Someone gave me a small jar that’s 3 quarter filled with mature milk kefir. It has been sitting in my fridge for months. Now that I’ve finally bought milk and plastic strainer, I’m not sure if the milk kefir has been left too long in the fridge. I dare not seek advice from the giver due to feeling guilty for procrastinating. What can I do with it now?

Jenny says

Hi Sarah,

My grains were grown in cow milk but I am using goat milk to make the kefir. The grains are multiplying well but they aren’t fully fermenting the milk – I can taste that not all the lactose is being digested and the taste is very mild even after several days. Any ideas?? Shall I start again with grains grown in goat milk? Or rinse them?

Many thanks,


    Sarah Jackson says

    Hi Jenny

    In my experience, your grains should work in either milk. Since they’re multiplying successfully, I’m wondering if the balance of milk is right for the grains. If they’re not fermenting after several days, perhaps you’re giving them too much milk? I would firt try reducing the volume and see how that works.

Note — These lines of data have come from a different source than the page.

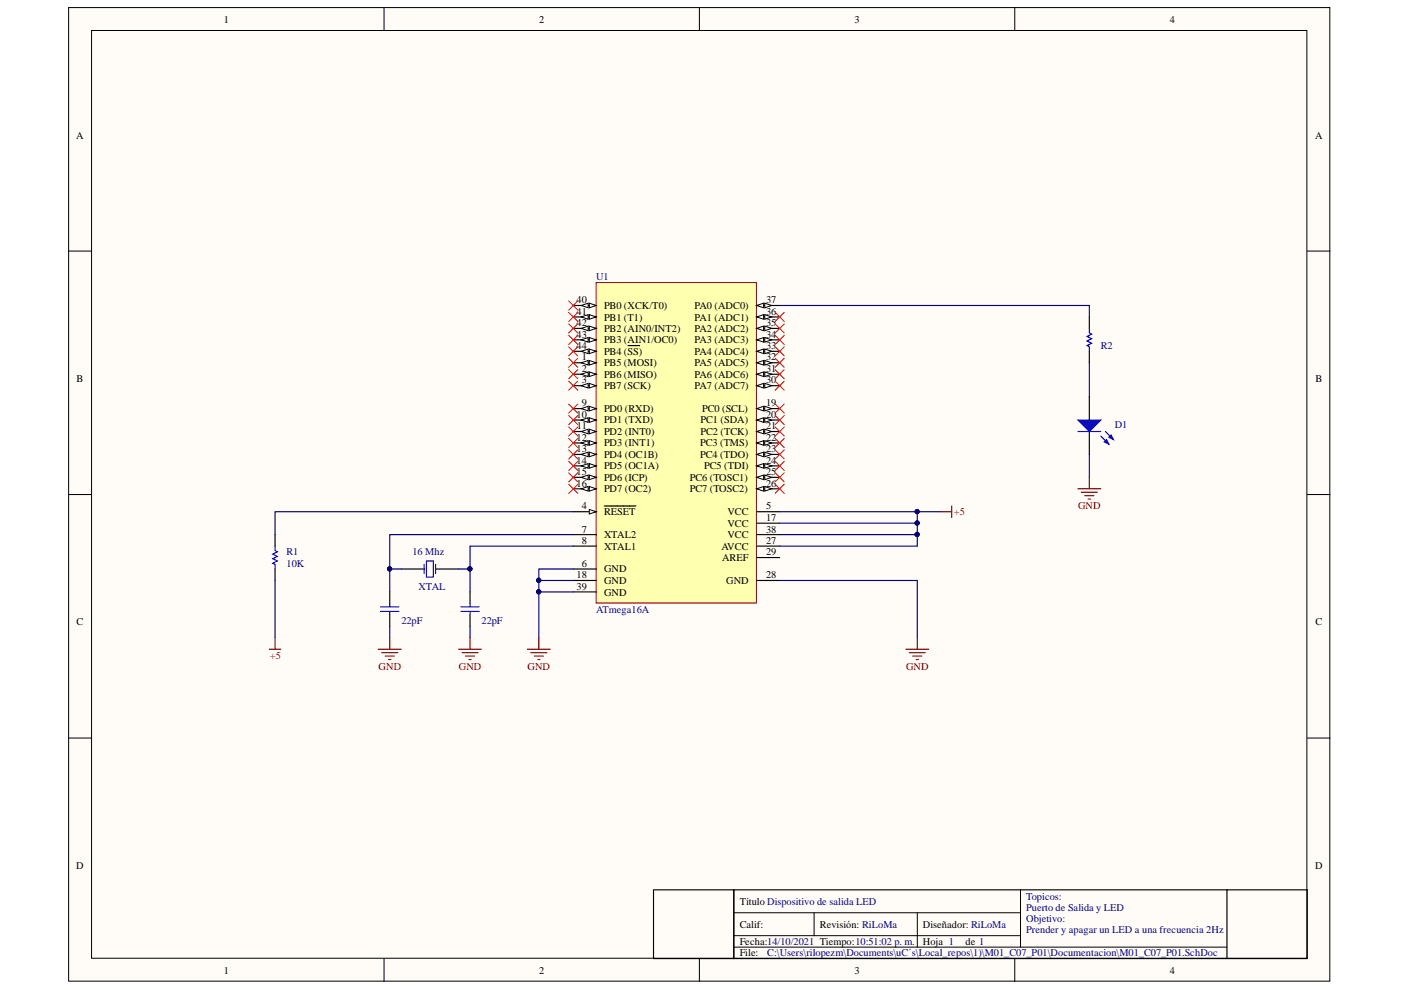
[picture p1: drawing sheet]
<svg xmlns="http://www.w3.org/2000/svg" width="297mm" height="210mm" viewBox="0 0 297 210" stroke-linecap="round" stroke-linejoin="round" font-family="sans-serif">
<g fill="#fffcf8" stroke="#000" stroke-width=".21">
<path d="M14.5 1.6h267.4v206.4h-267.4z"/>
<path d="M19.4 6.5h257.7v196.7h-257.7z"/>
</g>
<g fill="none" stroke="#000" stroke-width=".21">
<path d="M81.4 1.6v4.9M148.3 1.6v4.9M215.2 1.6v4.9M14.5 53.2h4.9M277.2 53.2h4.8M14.5 104.9h4.9M277.2 104.9h4.8M14.5 156.5h4.9M277.2 156.5h4.8M155.6 193.5h60.8M155.6 198.4h60.8M172.6 193.5v4.9"/>
<path d="M194.5 193.5v7.3M216.4 188.7v12.1M81.4 203.2v4.9M148.3 203.2v4.9M155.6 200.8h104.5M215.2 203.2v4.9"/>
</g>
<path d="M260.1 188.7h-104.5v14.5v-14.5h-17v14.5h138.6v-14.5h-17.1v14.5" fill="none" stroke="#000" stroke-width=".24"/>
<path d="M126.4 59.9h34v68h-34z" fill="#ffffb0" stroke="#800000" stroke-width=".21"/>
<path d="M121.5 64.8h4.9" fill="none" stroke="#000" stroke-width=".24"/>
<path d="M124.9 64.3l1.5 .5-1.5 .5z" fill="#fffcf8"/>
<path d="M124.9 64.3l1.5 .5-1.5 .5z" fill="none" stroke="#000" stroke-width=".21"/>
<path d="M123.2 64.8l1.5-.5v1z" fill="#fffcf8"/>
<path d="M123.2 64.8l1.5-.5v1z" fill="none" stroke="#000" stroke-width=".21"/>
<path d="M121.5 67.2h4.9" fill="none" stroke="#000" stroke-width=".24"/>
<path d="M124.9 66.7l1.5 .5-1.5 .5z" fill="#fffcf8"/>
<path d="M124.9 66.7l1.5 .5-1.5 .5z" fill="none" stroke="#000" stroke-width=".21"/>
<path d="M123.2 67.2l1.5-.5v1z" fill="#fffcf8"/>
<path d="M123.2 67.2l1.5-.5v1z" fill="none" stroke="#000" stroke-width=".21"/>
<path d="M121.5 69.6h4.9" fill="none" stroke="#000" stroke-width=".24"/>
<path d="M124.9 69.1l1.5 .5-1.5 .5z" fill="#fffcf8"/>
<path d="M124.9 69.1l1.5 .5-1.5 .5z" fill="none" stroke="#000" stroke-width=".21"/>
<path d="M123.2 69.6l1.5-.5v1z" fill="#fffcf8"/>
<path d="M123.2 69.6l1.5-.5v1z" fill="none" stroke="#000" stroke-width=".21"/>
<path d="M121.5 72.1h4.9" fill="none" stroke="#000" stroke-width=".24"/>
<path d="M124.9 71.6l1.5 .5-1.5 .4z" fill="#fffcf8"/>
<path d="M124.9 71.6l1.5 .5-1.5 .4z" fill="none" stroke="#000" stroke-width=".21"/>
<path d="M123.2 72.1l1.5-.5v.9z" fill="#fffcf8"/>
<path d="M123.2 72.1l1.5-.5v.9z" fill="none" stroke="#000" stroke-width=".21"/>
<path d="M121.5 74.5h4.9" fill="none" stroke="#000" stroke-width=".24"/>
<path d="M124.9 74l1.5 .5-1.5 .5z" fill="#fffcf8"/>
<path d="M124.9 74l1.5 .5-1.5 .5z" fill="none" stroke="#000" stroke-width=".21"/>
<path d="M123.2 74.5l1.5-.5v1z" fill="#fffcf8"/>
<path d="M123.2 74.5l1.5-.5v1z" fill="none" stroke="#000" stroke-width=".21"/>
<path d="M121.5 76.9h4.9M133.2 73.3h2.4" fill="none" stroke="#000" stroke-width=".24"/>
<path d="M124.9 76.4l1.5 .5-1.5 .5z" fill="#fffcf8"/>
<path d="M124.9 76.4l1.5 .5-1.5 .5z" fill="none" stroke="#000" stroke-width=".21"/>
<path d="M123.2 76.9l1.5-.5v1z" fill="#fffcf8"/>
<path d="M123.2 76.9l1.5-.5v1z" fill="none" stroke="#000" stroke-width=".21"/>
<path d="M121.5 79.3h4.9" fill="none" stroke="#000" stroke-width=".24"/>
<path d="M124.9 78.9l1.5 .4-1.5 .5z" fill="#fffcf8"/>
<path d="M124.9 78.9l1.5 .4-1.5 .5z" fill="none" stroke="#000" stroke-width=".21"/>
<path d="M123.2 79.3l1.5-.4v.9z" fill="#fffcf8"/>
<path d="M123.2 79.3l1.5-.4v.9z" fill="none" stroke="#000" stroke-width=".21"/>
<path d="M121.5 81.8h4.9" fill="none" stroke="#000" stroke-width=".24"/>
<path d="M124.9 81.3l1.5 .5-1.5 .5z" fill="#fffcf8"/>
<path d="M124.9 81.3l1.5 .5-1.5 .5z" fill="none" stroke="#000" stroke-width=".21"/>
<path d="M123.2 81.8l1.5-.5v1z" fill="#fffcf8"/>
<path d="M123.2 81.8l1.5-.5v1z" fill="none" stroke="#000" stroke-width=".21"/>
<path d="M121.5 108.5h4.9" fill="none" stroke="#000" stroke-width=".24"/>
<path d="M124.9 108l1.5 .5-1.5 .5z" fill="#fffcf8"/>
<path d="M124.9 108l1.5 .5-1.5 .5z" fill="none" stroke="#000" stroke-width=".21"/>
<path d="M121.5 86.6h4.9M128.1 107.3h6.7" fill="none" stroke="#000" stroke-width=".24"/>
<path d="M124.9 86.1l1.5 .5-1.5 .5z" fill="#fffcf8"/>
<path d="M124.9 86.1l1.5 .5-1.5 .5z" fill="none" stroke="#000" stroke-width=".21"/>
<path d="M123.2 86.6l1.5-.5v1z" fill="#fffcf8"/>
<path d="M123.2 86.6l1.5-.5v1z" fill="none" stroke="#000" stroke-width=".21"/>
<path d="M121.5 89.1h4.9" fill="none" stroke="#000" stroke-width=".24"/>
<path d="M124.9 88.6l1.5 .5-1.5 .4z" fill="#fffcf8"/>
<path d="M124.9 88.6l1.5 .5-1.5 .4z" fill="none" stroke="#000" stroke-width=".21"/>
<path d="M123.2 89.1l1.5-.5v.9z" fill="#fffcf8"/>
<path d="M123.2 89.1l1.5-.5v.9z" fill="none" stroke="#000" stroke-width=".21"/>
<path d="M121.5 91.5h4.9" fill="none" stroke="#000" stroke-width=".24"/>
<path d="M124.9 91l1.5 .5-1.5 .5z" fill="#fffcf8"/>
<path d="M124.9 91l1.5 .5-1.5 .5z" fill="none" stroke="#000" stroke-width=".21"/>
<path d="M123.2 91.5l1.5-.5v1z" fill="#fffcf8"/>
<path d="M123.2 91.5l1.5-.5v1z" fill="none" stroke="#000" stroke-width=".21"/>
<path d="M121.5 93.9h4.9" fill="none" stroke="#000" stroke-width=".24"/>
<path d="M124.9 93.4l1.5 .5-1.5 .5z" fill="#fffcf8"/>
<path d="M124.9 93.4l1.5 .5-1.5 .5z" fill="none" stroke="#000" stroke-width=".21"/>
<path d="M123.2 93.9l1.5-.5v1z" fill="#fffcf8"/>
<path d="M123.2 93.9l1.5-.5v1z" fill="none" stroke="#000" stroke-width=".21"/>
<path d="M121.5 96.4h4.9" fill="none" stroke="#000" stroke-width=".24"/>
<path d="M124.9 95.9l1.5 .5-1.5 .4z" fill="#fffcf8"/>
<path d="M124.9 95.9l1.5 .5-1.5 .4z" fill="none" stroke="#000" stroke-width=".21"/>
<path d="M123.2 96.4l1.5-.5v.9z" fill="#fffcf8"/>
<path d="M123.2 96.4l1.5-.5v.9z" fill="none" stroke="#000" stroke-width=".21"/>
<path d="M121.5 98.8h4.9" fill="none" stroke="#000" stroke-width=".24"/>
<path d="M124.9 98.3l1.5 .5-1.5 .5z" fill="#fffcf8"/>
<path d="M124.9 98.3l1.5 .5-1.5 .5z" fill="none" stroke="#000" stroke-width=".21"/>
<path d="M123.2 98.8l1.5-.5v1z" fill="#fffcf8"/>
<path d="M123.2 98.8l1.5-.5v1z" fill="none" stroke="#000" stroke-width=".21"/>
<path d="M121.5 101.2h4.9" fill="none" stroke="#000" stroke-width=".24"/>
<path d="M124.9 100.7l1.5 .5-1.5 .5z" fill="#fffcf8"/>
<path d="M124.9 100.7l1.5 .5-1.5 .5z" fill="none" stroke="#000" stroke-width=".21"/>
<path d="M123.2 101.2l1.5-.5v1z" fill="#fffcf8"/>
<path d="M123.2 101.2l1.5-.5v1z" fill="none" stroke="#000" stroke-width=".21"/>
<path d="M121.5 103.6h4.9" fill="none" stroke="#000" stroke-width=".24"/>
<path d="M124.9 103.2l1.5 .4-1.5 .5z" fill="#fffcf8"/>
<path d="M124.9 103.2l1.5 .4-1.5 .5z" fill="none" stroke="#000" stroke-width=".21"/>
<path d="M123.2 103.6l1.5-.4v.9z" fill="#fffcf8"/>
<path d="M123.2 103.6l1.5-.4v.9z" fill="none" stroke="#000" stroke-width=".21"/>
<path d="M160.4 86.6h4.9M121.5 113.4h4.9M121.5 115.8h4.9M121.5 120.6h4.9" fill="none" stroke="#000" stroke-width=".24"/>
<path d="M160.4 86.6l1.5-.5v1z" fill="#fffcf8"/>
<path d="M160.4 86.6l1.5-.5v1z" fill="none" stroke="#000" stroke-width=".21"/>
<path d="M162.1 86.1l1.5 .5-1.5 .5z" fill="#fffcf8"/>
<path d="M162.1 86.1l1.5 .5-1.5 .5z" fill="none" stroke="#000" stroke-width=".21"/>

    Something happened to my husband’s cow’s kefir when he took it away with him last summer. He left it in various warm places and they still took a week to ferment. They’ve only ever taken 48 hours before and have done since returning home. So odd!

    With that in mind, my other suggestion would be to check the room temperature with your current routine and see if it sits between 68-75 degrees Fahrenheit. Perhaps somewhere a little warmer may encourage the grains to ferment the milk. You say ‘several’ days, but that could be 3 or 4. Perhaps they need a warmer place to kick start their work better. I’ve had readers use their airing cupboards before now.

    Our utility – where I ferment everything – sometimes reaches 90 degrees F (washing machine/boiler and dryer in there, plus a veluxe window) and fermenting is never a problem. I would worry more about food/drink fermenting in cooler than an over warm place. You just have to keep a closer eye on them in warmer rooms because they can change really quickly.

    I hope this helps. Let me know how you get on!